TheoreticalEcology / s-jSDM

Scalable joint species distribution modeling
https://cran.r-project.org/web/packages/sjSDM/index.html
GNU General Public License v3.0
68 stars 14 forks source link

Question: importance() x anova() #101

Open wevertonbio opened 2 years ago

wevertonbio commented 2 years ago

Hi,

I'm trying to extract the three components of metacommunity internal structure (Environment, spatial and biotic), the same generated by plot(anova(model), internal= TRUE).

I know I can get it using:

an <- anova(model)
plot.anova <- plot(an, internal = TRUE)
comp.species <- plot.anova$data$Species  #individual contributions to the species
comp.sites <- plot.anova$data$Species  # individual contributions to the sites

I also tried it using the function importance(model), however it gives a different result. What is the difference between them?

I also noticed that the R2 from plot.anova$data$Species$r2 are different from R2 from an$species$R2_Nagelkerke$Full (whereby an = anova(model)). Where do the R2 in plot(anova (model), internal = TRUE) come from?

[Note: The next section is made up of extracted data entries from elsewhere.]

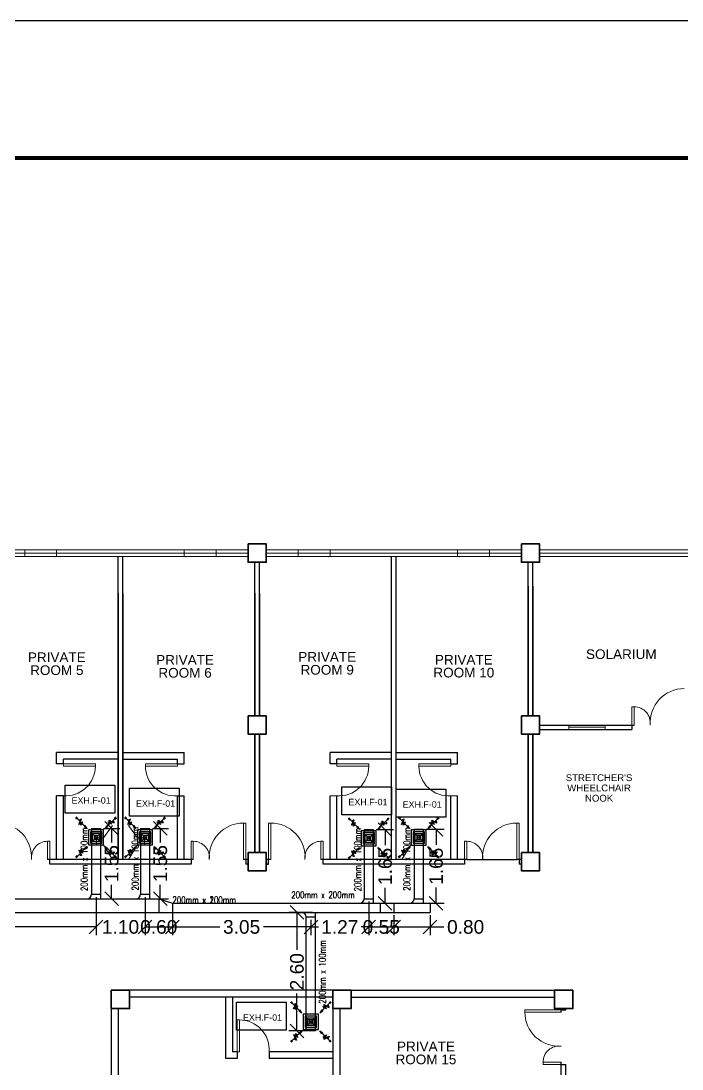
# Model space of a CAD drawing. Header units: millimetres. Extents: x 116 to 538, y 77 to 149.
# Drawn here: x 378.34 to 392.84, y 124.66 to 147.67 of the extents above; entities that cross this region are included whole.
import ezdxf

# ---------------------------------------------------------------- set-up
doc = ezdxf.new("R2010")
doc.units = ezdxf.units.MM
doc.header["$MEASUREMENT"] = 0
for name, color, linetype in [('.1', 1, 'Continuous'), ('AIR', 7, 'Continuous'), ('AIR-00', 8, 'Continuous'), ('AIR-03', 30, 'Continuous'), ('dimen', 7, 'Continuous'), ('ducting label', 7, 'Continuous'), ('exhaust', 7, 'Continuous'), ('label', 7, 'Continuous'), ('Legends', 7, 'Continuous'), ('template', 7, 'Continuous')]:
    doc.layers.add(name, color=color, linetype=linetype)
doc.styles.add('Arch-Dim', font='simplex.shx', dxfattribs={"width": 0.75})
doc.styles.get("Standard").update_dxf_attribs({"font": 'arial.ttf'})
doc.styles.add('SWISSLT175', font='swissl.ttf', dxfattribs={"height": 0.175})
doc.dimstyles.new('Copy of dimension', dxfattribs={"dimtxt": 0.3, "dimasz": 0.3, "dimexe": 0.18, "dimexo": 0.0625, "dimgap": 0.09, "dimtad": 0, "dimzin": 0, "dimdsep": 46, "dimtxsty": 'Standard', "dimblk": 'OBLIQUE', "dimcen": 0.09, "dimclrd": 256, "dimclre": 256, "dimclrt": 256, "dimadec": 0, "dimazin": 0, "dimtfac": 1, "dimtofl": 0, "dimtmove": 0, "dimatfit": 3, "dimldrblk": 'OBLIQUE', "dimfxl": 1, "dimtolj": 1, "dimtzin": 0, "dimarcsym": 0})

# ---------------------------------------------------------------- blocks, each defined once
blk = doc.blocks.new('GRILL-C-IN')
at = {"layer": 'AIR-00', "color": 7, "ltscale": 3}
for p, q in [((-0.623, 0.601), (-0.674, 0.651)), ((-0.601, 0.623), (-0.651, 0.674)), ((-0.637, 0.637), (-0.3, 0.3)), ((0.637, 0.637), (0.3, 0.3)), ((0.601, 0.623), (0.651, 0.674)), ((0.623, 0.601), (0.674, 0.651)), ((-0.637, -0.637), (-0.3, -0.3)), ((0.637, -0.637), (0.3, -0.3)), ((-0.623, -0.601), (-0.674, -0.651)), ((-0.601, -0.623), (-0.651, -0.674)), ((0.601, -0.623), (0.651, -0.674)), ((0.623, -0.601), (0.674, -0.651))]:
    blk.add_line(p, q, dxfattribs=at)
at = {"layer": 'AIR-00', "color": 7}
for p, q in [((-0.188, 0.187), (0.187, -0.188)), ((0.187, 0.187), (-0.188, -0.188))]:
    blk.add_line(p, q, dxfattribs=at)
at = {"layer": 'AIR-00', "color": 7, "ltscale": 3}
for points in [[(-0.362, 0.393), (-0.393, 0.362), (-0.3, 0.3)], [(0.393, 0.362), (0.362, 0.393), (0.3, 0.3)], [(-0.362, -0.393), (-0.393, -0.362), (-0.3, -0.3)], [(0.393, -0.362), (0.362, -0.393), (0.3, -0.3)]]:
    blk.add_lwpolyline(points, close=True, dxfattribs=at)
at = {"layer": 'AIR-00', "color": 7}
for points in [[(-0.188, -0.188), (0.187, -0.188), (0.187, 0.187), (-0.188, 0.187)], [(-0.125, -0.125), (0.125, -0.125), (0.125, 0.125), (-0.125, 0.125)], [(-0.062, -0.062), (0.062, -0.062), (0.062, 0.062), (-0.062, 0.062)]]:
    blk.add_lwpolyline(points, close=True, dxfattribs=at)
at = {"layer": 'AIR-00', "color": 7, "ltscale": 3}
for points in [[(-0.441, 0.441), (-0.512, 0.404), (-0.432, 0.514), (-0.568, 0.43), (-0.477, 0.6), (-0.561, 0.561)], [(0.441, 0.441), (0.404, 0.512), (0.514, 0.432), (0.43, 0.568), (0.6, 0.477), (0.561, 0.561)], [(-0.441, -0.441), (-0.512, -0.404), (-0.432, -0.514), (-0.568, -0.43), (-0.477, -0.6), (-0.561, -0.561)], [(0.441, -0.441), (0.404, -0.512), (0.514, -0.432), (0.43, -0.568), (0.6, -0.477), (0.561, -0.561)]]:
    blk.add_spline(points, degree=3, dxfattribs=at)
for points in [[(-0.3, 0.3), (-0.362, 0.393), (-0.393, 0.362)], [(0.3, 0.3), (0.393, 0.362), (0.362, 0.393)], [(-0.3, -0.3), (-0.362, -0.393), (-0.393, -0.362)], [(0.3, -0.3), (0.393, -0.362), (0.362, -0.393)]]:
    blk.add_solid(points, dxfattribs=at)
at = {"layer": 'AIR-03', "color": 7}
blk.add_lwpolyline([(-0.25, -0.25), (0.25, -0.25), (0.25, 0.25), (-0.25, 0.25)], close=True, dxfattribs=at)
blk = doc.blocks.new('_Oblique')
at = {"color": 0, "linetype": 'ByBlock', "lineweight": -2}
blk.add_line((-0.5, -0.5), (0.5, 0.5), dxfattribs=at)
blk = doc.blocks.new('*D162')
at = {"layer": 'Defpoints', "color": 0, "transparency": 16777216}
for p in [(379.983, 128.5), (372.06, 128), (379.983, 127.781)]:
    blk.add_point(p, dxfattribs=at)
at = {"layer": 'dimen', "lineweight": -2, "transparency": 16777216}
for p, q in [((379.983, 128.438), (379.983, 127.601)), ((372.06, 127.938), (372.06, 127.601)), ((372.06, 127.781), (375.545, 127.781)), ((379.983, 127.781), (376.498, 127.781))]:
    blk.add_line(p, q, dxfattribs=at)
at = {"layer": 'dimen', "lineweight": -2, "transparency": 16777216, "xscale": 0.3, "yscale": 0.3, "zscale": 0.3, "rotation": 180}
blk.add_blockref('_Oblique', (372.06, 127.781), dxfattribs=at)
at = {"layer": 'dimen', "lineweight": -2, "transparency": 16777216, "xscale": 0.3, "yscale": 0.3, "zscale": 0.3}
blk.add_blockref('_Oblique', (379.983, 127.781), dxfattribs=at)
at = {"layer": 'dimen', "transparency": 16777216, "insert": (376.021, 127.781), "char_height": 0.3, "attachment_point": 5}
blk.add_mtext('\\A1;7.92', dxfattribs=at)
blk = doc.blocks.new('*D163')
at = {"layer": 'Defpoints', "color": 0, "transparency": 16777216}
for p in [(379.983, 128.5), (381.059, 128.5), (381.059, 127.781)]:
    blk.add_point(p, dxfattribs=at)
at = {"layer": 'dimen', "lineweight": -2, "transparency": 16777216}
for p, q in [((379.983, 128.438), (379.983, 127.601)), ((381.059, 128.438), (381.059, 127.601)), ((379.983, 127.781), (379.683, 127.781)), ((381.059, 127.781), (381.359, 127.781))]:
    blk.add_line(p, q, dxfattribs=at)
at = {"layer": 'dimen', "lineweight": -2, "transparency": 16777216, "xscale": 0.3, "yscale": 0.3, "zscale": 0.3}
blk.add_blockref('_Oblique', (379.983, 127.781), dxfattribs=at)
at = {"layer": 'dimen', "lineweight": -2, "transparency": 16777216, "xscale": 0.3, "yscale": 0.3, "zscale": 0.3, "rotation": 180}
blk.add_blockref('_Oblique', (381.059, 127.781), dxfattribs=at)
at = {"layer": 'dimen', "transparency": 16777216, "insert": (380.521, 127.781), "char_height": 0.3, "attachment_point": 5}
blk.add_mtext('\\A1;1.10', dxfattribs=at)
blk = doc.blocks.new('*D164')
at = {"layer": 'Defpoints', "color": 0, "transparency": 16777216}
for p in [(381.059, 128.5), (381.659, 128.2), (381.659, 127.781)]:
    blk.add_point(p, dxfattribs=at)
at = {"layer": 'dimen', "lineweight": -2, "transparency": 16777216}
for p, q in [((381.059, 128.438), (381.059, 127.601)), ((381.659, 128.138), (381.659, 127.601)), ((381.059, 127.781), (381.659, 127.781))]:
    blk.add_line(p, q, dxfattribs=at)
at = {"layer": 'dimen', "lineweight": -2, "transparency": 16777216, "xscale": 0.3, "yscale": 0.3, "zscale": 0.3, "rotation": 180}
blk.add_blockref('_Oblique', (381.059, 127.781), dxfattribs=at)
at = {"layer": 'dimen', "lineweight": -2, "transparency": 16777216, "xscale": 0.3, "yscale": 0.3, "zscale": 0.3}
blk.add_blockref('_Oblique', (381.659, 127.781), dxfattribs=at)
at = {"layer": 'dimen', "transparency": 16777216, "insert": (381.359, 127.781), "char_height": 0.3, "attachment_point": 5}
blk.add_mtext('\\A1;0.60', dxfattribs=at)
blk = doc.blocks.new('*D165')
at = {"layer": 'Defpoints', "color": 0, "transparency": 16777216}
for p in [(381.659, 128.2), (384.697, 128), (384.697, 127.781)]:
    blk.add_point(p, dxfattribs=at)
at = {"layer": 'dimen', "lineweight": -2, "transparency": 16777216}
for p, q in [((381.659, 128.138), (381.659, 127.601)), ((384.697, 127.938), (384.697, 127.601)), ((381.659, 127.781), (382.698, 127.781)), ((384.697, 127.781), (383.659, 127.781))]:
    blk.add_line(p, q, dxfattribs=at)
at = {"layer": 'dimen', "lineweight": -2, "transparency": 16777216, "xscale": 0.3, "yscale": 0.3, "zscale": 0.3, "rotation": 180}
blk.add_blockref('_Oblique', (381.659, 127.781), dxfattribs=at)
at = {"layer": 'dimen', "lineweight": -2, "transparency": 16777216, "xscale": 0.3, "yscale": 0.3, "zscale": 0.3}
blk.add_blockref('_Oblique', (384.697, 127.781), dxfattribs=at)
at = {"layer": 'dimen', "transparency": 16777216, "insert": (383.178, 127.781), "char_height": 0.3, "attachment_point": 5}
blk.add_mtext('\\A1;3.05', dxfattribs=at)
blk = doc.blocks.new('*D166')
at = {"layer": 'Defpoints', "color": 0, "transparency": 16777216}
for p in [(385.967, 128.4), (384.697, 128), (385.967, 127.781)]:
    blk.add_point(p, dxfattribs=at)
at = {"layer": 'dimen', "lineweight": -2, "transparency": 16777216}
for p, q in [((385.967, 128.338), (385.967, 127.601)), ((384.697, 127.938), (384.697, 127.601)), ((384.697, 127.781), (384.867, 127.781)), ((385.967, 127.781), (385.798, 127.781))]:
    blk.add_line(p, q, dxfattribs=at)
at = {"layer": 'dimen', "lineweight": -2, "transparency": 16777216, "xscale": 0.3, "yscale": 0.3, "zscale": 0.3, "rotation": 180}
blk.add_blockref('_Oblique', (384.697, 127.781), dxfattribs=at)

To illustrate my question, here's a reproducible example:

library(sjSDM)

#Simulate data
set.seed(42)
community <- simulate_SDM(sites = 100, species = 10, env = 3)
Env <- community$env_weights
Occ <- community$response
SP <- matrix(rnorm(200, 0, 0.3), 100, 2) # spatial coordinates (no effect on species occurences)

model <- sjSDM(Y = Occ, env = linear(data = Env, formula = ~X1+X2+X3), spatial = linear(data = SP, formula = ~0+X1:X2), se = TRUE, family=binomial("probit"), sampling = 100L)
summary(model)

#Anova
an <- anova(model)
plot.anova <- plot(an, internal = TRUE)
comp.sites <- plot.anova$data$Sites # individual contributions to the sites
comp.species <- plot.anova$data$Species #individual contributions to the species
head(comp.species) #It is different from head(df.imp)
         env          spa     codist         r2
1 0.11019893 1.074359e-02 0.08830272 0.02129541
2 0.03653703 3.177195e-03 0.08606563 0.01213296
3 0.16736133 7.431965e-05 0.08027697 0.02339748
4 0.01981073 8.094543e-03 0.08831885 0.01023774
5 0.09569650 5.129817e-03 0.09061546 0.01981498
6 0.34139446 3.530965e-03 0.09031628 0.04211111

#Importance
imp.m <- importance(model)
df.imp <- data.frame(Environment = imp.m$res$total$env, #Extract data to dataframe
                     Spatial = imp.m$res$total$spatial,
                     Biotic = imp.m$res$total$biotic,
                     r2 = an$species$R2_Nagelkerke$Full)
head(df.imp) #It is different from head(comp.species)
Environment      Spatial     Biotic        r2
1   0.7858316 2.341709e-03 0.21182665 0.2463566
2   0.9796516 7.588521e-03 0.01275981 0.1533345
3   0.8616773 2.883220e-07 0.13832229 0.2769410
4   0.9315547 3.222125e-02 0.03622399 0.1279683
5   0.9006717 2.776958e-03 0.09655125 0.2372294
6   0.9318694 7.699431e-04 0.06736068 0.4413699
MaximilianPi commented 2 years ago

Hi @WevertonBio,

Difference between importance and anova:

The overall structure should be similar between the importance and the anova function, however, our current anova is a type I anova where the unique components (A, B, and S) are affected by collinearity (

image

) i.e. the individual components are not corrected for the shared contributions (the spatial only model will estimate non-zero effects for space because the second spatial predictor is weakly correlated with the third environmental predictor) which is not an issue for the importance(...) where we use the full model (so the confounding effect of the shared contributions is accounted for, i.e. the spatial estimates are correctly estimated to zero). We are currently working on type II anova to improve this behaviour.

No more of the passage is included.